これが、二年間のうちに起こった主な出来事。
状況が変わったのは、三年生として新学期が始まってからだった。
二年前流れた統廃合の噂。
今度は噂ではなく現実として突き付けられた。
生徒会室でそれを知った私は、二年前のことを思い出した。
思い出した、と言っても忘れたことは一度もなかったが。
私たちに奇跡は起こせなかった。
たった二人の友人さえ繋ぎ止められなかった。
あの人にだって謝らなければならない。
回想ついでに当時の部室に行こうと席を立った時、部屋の扉が開いた。
「久しぶり、ダイヤ。」
留学に行ったはずの鞠莉さんがこちらを見ていた。
私に近づき、懐かしい言葉を口にした。
「スクールアイドル、やろう。」
右手に二年前の衣装があることに気付く。
「留学はどうしたのです。」
「そんなのどうだっていい。私たちの学校がなくなるんだよ。もう一度私たちが立ち上がって・・・!」
「・・・どうして鞠莉がいるの。」
今度は果南さんが扉を開けて立っていた。
「果南!会いたかった、ねえ果南もまた一緒にやろうよ!」
「・・・そう、終わったと思ってたのに。やっぱり戦い続けるしかないんだね。」
果南さんはそれだけ言って、その場から立ち去った。
鞠莉さんも後を追いかけ、部屋には私一人残された。
嫌な予感がした。
予想はできた。
きっとまたライダーバトルが開かれる。
これを良しとしない、果南さんによって。
二年間触れることのなかったオーディンのデッキを取り出す。
「変身」
果南さんの命により、タイムベントを使用。
二年の経過により、戻る時間は二年の三学期に変わった。
再び繰り返される戦いの中で、ルールが再構築された。
一つに、ルールテラーの設定。
戦いを円滑に進めることができるように設置された。
幾度となく繰り返されることへの効率化だろうか。
役の候補者には国木田の家が選ばれた。
この土地に代々続く寺の地主を選出することで、伝達のしやすさを確保できるためだと考えられる。
二つに、選出される変身者。
これは皮肉が過ぎた。
果南さんは、せめて自分の周りだけま巻き込まないようにと思っていた。
想ってしまった。
想いは歪み、気付けば果南さんに関りがある、またはそこからつながる人が選ばれるようになった。

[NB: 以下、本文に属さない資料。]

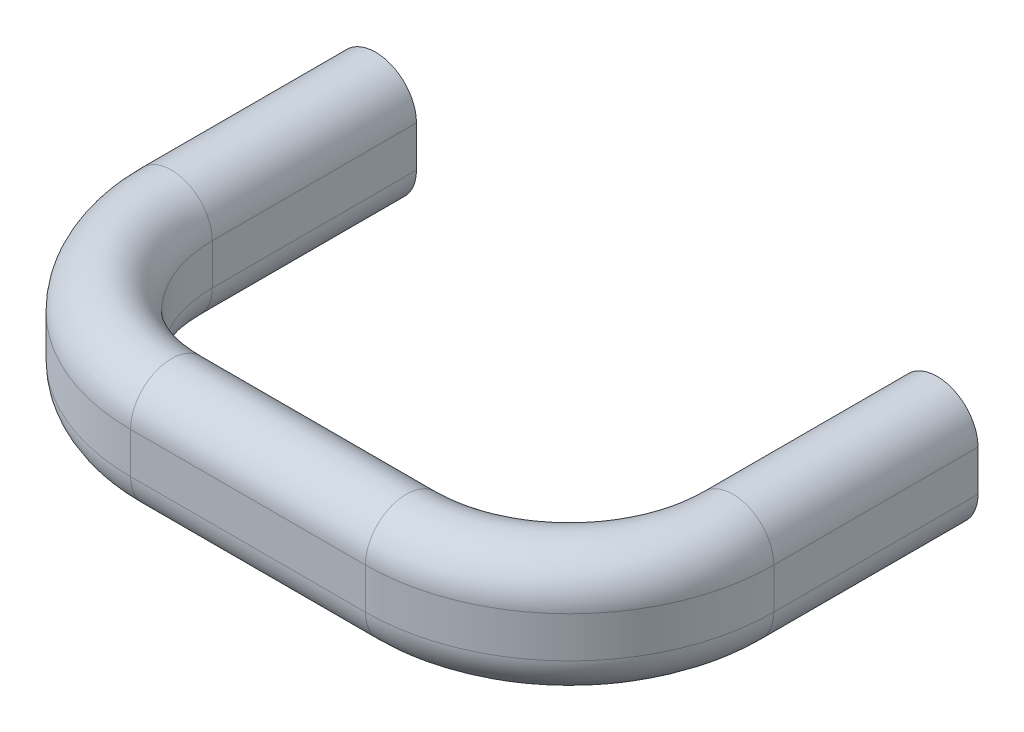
ISO-10303-21;
HEADER;
FILE_DESCRIPTION(('STEP AP214'),'2;1');
FILE_NAME('part.step','',(''),(''),'','','');
FILE_SCHEMA(('AUTOMOTIVE_DESIGN { 1 0 10303 214 1 1 1 1 }'));
ENDSEC;
DATA;
#1=APPLICATION_CONTEXT('core data for automotive mechanical design processes');
#2=APPLICATION_PROTOCOL_DEFINITION('international standard','automotive_design',2000,#1);
#3=PRODUCT_CONTEXT('',#1,'mechanical');
#4=PRODUCT('Part','Part','',(#3));
#5=PRODUCT_RELATED_PRODUCT_CATEGORY('part','',(#4));
#6=PRODUCT_DEFINITION_FORMATION('','',#4);
#7=PRODUCT_DEFINITION_CONTEXT('part definition',#1,'design');
#8=PRODUCT_DEFINITION('design','',#6,#7);
#9=PRODUCT_DEFINITION_SHAPE('','',#8);
#10=(LENGTH_UNIT() NAMED_UNIT(*) SI_UNIT(.MILLI.,.METRE.));
#11=(NAMED_UNIT(*) PLANE_ANGLE_UNIT() SI_UNIT($,.RADIAN.));
#12=(NAMED_UNIT(*) SI_UNIT($,.STERADIAN.) SOLID_ANGLE_UNIT());
#13=UNCERTAINTY_MEASURE_WITH_UNIT(LENGTH_MEASURE(1.E-05),#10,'distance_accuracy_value','');
#14=(GEOMETRIC_REPRESENTATION_CONTEXT(3) GLOBAL_UNCERTAINTY_ASSIGNED_CONTEXT((#13)) GLOBAL_UNIT_ASSIGNED_CONTEXT((#10,
#11,#12)) REPRESENTATION_CONTEXT('',''));
#15=CARTESIAN_POINT('',(0.,0.,0.));
#16=DIRECTION('',(0.,0.,1.));
#17=DIRECTION('',(1.,0.,0.));
#18=AXIS2_PLACEMENT_3D('',#15,#16,#17);
#19=CARTESIAN_POINT('',(0.,2.,0.));
#20=DIRECTION('',(0.,0.,-1.));
#21=DIRECTION('',(0.,1.,0.));
#22=AXIS2_PLACEMENT_3D('',#19,#20,#21);
#23=PLANE('',#22);
#24=CARTESIAN_POINT('',(0.,2.,0.));
#25=DIRECTION('',(0.,0.,-1.));
#26=DIRECTION('',(0.,1.,0.));
#27=AXIS2_PLACEMENT_3D('',#24,#25,#26);
#28=CIRCLE('',#27,4.);
#29=CARTESIAN_POINT('',(-4.,2.,0.));
#30=VERTEX_POINT('',#29);
#31=CARTESIAN_POINT('',(4.,2.,0.));
#32=VERTEX_POINT('',#31);
#33=EDGE_CURVE('E31',#30,#32,#28,.T.);
#34=ORIENTED_EDGE('',*,*,#33,.T.);
#35=DIRECTION('',(0.,-1.,0.));
#36=VECTOR('',#35,1.);
#37=CARTESIAN_POINT('',(4.,2.,0.));
#38=LINE('',#37,#36);
#39=CARTESIAN_POINT('',(4.,-2.,0.));
#40=VERTEX_POINT('',#39);
#41=EDGE_CURVE('E18',#32,#40,#38,.T.);
#42=ORIENTED_EDGE('',*,*,#41,.T.);
#43=CARTESIAN_POINT('',(0.,-2.,0.));
#44=DIRECTION('',(0.,0.,-1.));
#45=DIRECTION('',(0.,1.,0.));
#46=AXIS2_PLACEMENT_3D('',#43,#44,#45);
#47=CIRCLE('',#46,4.);
#48=CARTESIAN_POINT('',(-4.,-2.,0.));
#49=VERTEX_POINT('',#48);
#50=EDGE_CURVE('E39',#40,#49,#47,.T.);
#51=ORIENTED_EDGE('',*,*,#50,.T.);
#52=DIRECTION('',(0.,-1.,0.));
#53=VECTOR('',#52,1.);
#54=CARTESIAN_POINT('',(-4.,2.,0.));
#55=LINE('',#54,#53);
#56=EDGE_CURVE('E230',#30,#49,#55,.T.);
#57=ORIENTED_EDGE('',*,*,#56,.F.);
#58=EDGE_LOOP('',(#34,#42,#51,#57));
#59=FACE_BOUND('',#58,.T.);
#60=CARTESIAN_POINT('',(0.,0.,-1.89885135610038E-13));
#61=DIRECTION('',(0.,0.,-1.));
#62=DIRECTION('',(0.,1.,0.));
#63=AXIS2_PLACEMENT_3D('',#60,#61,#62);
#64=CIRCLE('',#63,2.96700000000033);
#65=CARTESIAN_POINT('',(0.,2.96700000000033,-1.89885135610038E-13));
#66=VERTEX_POINT('',#65);
#67=EDGE_CURVE('E542',#66,#66,#64,.T.);
#68=ORIENTED_EDGE('',*,*,#67,.F.);
#69=EDGE_LOOP('',(#68));
#70=FACE_BOUND('',#69,.T.);
#71=ADVANCED_FACE('F14',(#59,#70),#23,.T.);
#72=CARTESIAN_POINT('',(55.,2.,0.));
#73=DIRECTION('',(0.,0.,1.));
#74=DIRECTION('',(0.,1.,0.));
#75=AXIS2_PLACEMENT_3D('',#72,#73,#74);
#76=PLANE('',#75);
#77=CARTESIAN_POINT('',(55.,2.,0.));
#78=DIRECTION('',(0.,0.,1.));
#79=DIRECTION('',(0.,1.,0.));
#80=AXIS2_PLACEMENT_3D('',#77,#78,#79);
#81=CIRCLE('',#80,4.);
#82=CARTESIAN_POINT('',(59.,2.,0.));
#83=VERTEX_POINT('',#82);
#84=CARTESIAN_POINT('',(51.,2.,0.));
#85=VERTEX_POINT('',#84);
#86=EDGE_CURVE('E107',#83,#85,#81,.T.);
#87=ORIENTED_EDGE('',*,*,#86,.F.);
#88=DIRECTION('',(0.,-1.,0.));
#89=VECTOR('',#88,1.);
#90=CARTESIAN_POINT('',(59.,2.,0.));
#91=LINE('',#90,#89);
#92=CARTESIAN_POINT('',(59.,-2.,0.));
#93=VERTEX_POINT('',#92);
#94=EDGE_CURVE('E136',#83,#93,#91,.T.);
#95=ORIENTED_EDGE('',*,*,#94,.T.);
#96=CARTESIAN_POINT('',(55.,-2.,0.));
#97=DIRECTION('',(0.,0.,1.));
#98=DIRECTION('',(0.,1.,0.));
#99=AXIS2_PLACEMENT_3D('',#96,#97,#98);
#100=CIRCLE('',#99,4.);
#101=CARTESIAN_POINT('',(51.,-2.,0.));
#102=VERTEX_POINT('',#101);
#103=EDGE_CURVE('E134',#102,#93,#100,.T.);
#104=ORIENTED_EDGE('',*,*,#103,.F.);
#105=DIRECTION('',(0.,-1.,0.));
#106=VECTOR('',#105,1.);
#107=CARTESIAN_POINT('',(51.,2.,0.));
#108=LINE('',#107,#106);
#109=EDGE_CURVE('E119',#85,#102,#108,.T.);
#110=ORIENTED_EDGE('',*,*,#109,.F.);
#111=EDGE_LOOP('',(#87,#95,#104,#110));
#112=FACE_BOUND('',#111,.T.);
#113=CARTESIAN_POINT('',(55.,0.,-1.89885135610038E-13));
#114=DIRECTION('',(0.,0.,1.));
#115=DIRECTION('',(0.,1.,0.));
#116=AXIS2_PLACEMENT_3D('',#113,#114,#115);
#117=CIRCLE('',#116,2.96700000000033);
#118=CARTESIAN_POINT('',(55.,2.96700000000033,-1.89885135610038E-13));
#119=VERTEX_POINT('',#118);
#120=EDGE_CURVE('E120',#119,#119,#117,.T.);
#121=ORIENTED_EDGE('',*,*,#120,.T.);
#122=EDGE_LOOP('',(#121));
#123=FACE_BOUND('',#122,.T.);
#124=ADVANCED_FACE('F132',(#112,#123),#76,.F.);
#125=CARTESIAN_POINT('',(4.,2.,20.));
#126=DIRECTION('',(1.,0.,0.));
#127=DIRECTION('',(0.,1.,0.));
#128=AXIS2_PLACEMENT_3D('',#125,#126,#127);
#129=PLANE('',#128);
#130=DIRECTION('',(0.,-1.,0.));
#131=VECTOR('',#130,1.);
#132=CARTESIAN_POINT('',(4.,2.,20.));
#133=LINE('',#132,#131);
#134=CARTESIAN_POINT('',(4.,2.,20.));
#135=VERTEX_POINT('',#134);
#136=CARTESIAN_POINT('',(4.,-2.,20.));
#137=VERTEX_POINT('',#136);
#138=EDGE_CURVE('E204',#135,#137,#133,.T.);
#139=ORIENTED_EDGE('',*,*,#138,.T.);
#140=DIRECTION('',(0.,0.,-1.));
#141=VECTOR('',#140,1.);
#142=CARTESIAN_POINT('',(4.,-2.,20.));
#143=LINE('',#142,#141);
#144=EDGE_CURVE('E23',#137,#40,#143,.T.);
#145=ORIENTED_EDGE('',*,*,#144,.T.);
#146=ORIENTED_EDGE('',*,*,#41,.F.);
#147=DIRECTION('',(0.,0.,-1.));
#148=VECTOR('',#147,1.);
#149=CARTESIAN_POINT('',(4.,2.,20.));
#150=LINE('',#149,#148);
#151=EDGE_CURVE('E9',#135,#32,#150,.T.);
#152=ORIENTED_EDGE('',*,*,#151,.F.);
#153=EDGE_LOOP('',(#139,#145,#146,#152));
#154=FACE_BOUND('',#153,.T.);
#155=ADVANCED_FACE('F16',(#154),#129,.T.);
#156=CARTESIAN_POINT('',(0.,-2.,20.));
#157=DIRECTION('',(0.,0.,-1.));
#158=DIRECTION('',(0.,-1.,0.));
#159=AXIS2_PLACEMENT_3D('',#156,#157,#158);
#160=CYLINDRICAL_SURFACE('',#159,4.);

数ある寺院から国木田の家が選ばれたのも、私の妹であるルビィと国木田花丸さんが友人であったからだ。
三つ、ライダーは死ななくなった。
誰かが死ぬことを果南さんは恐れた。
しかし、これもまた歪められることになる。
ライダーとして契約するモンスターが変身者のだれかを想う気持ちをを奪うようになった。
死んでしまえば誰かを想うことはできない。
生きていれば、それがなくなるまで奪いつくすことができる。
自分の想いが奪われたくないのであれば、誰かと戦い、それをモンスターに差し出すという手段を取らざるを得ない。
こうして、戦いを加速させた。
同時に、契約しない野良モンスターも出現した。
これらはライダーに選ばれなかった人々の想いから生まれる。
私がオーディンにならなければ、オーディンになっていたであろう人々だ。
こうして、想いが想いを刈り取るシステムが出来上がった。
何度も繰り返した。
何度も、何度も、何度も。
そのどれも、時間を変えることはなかった。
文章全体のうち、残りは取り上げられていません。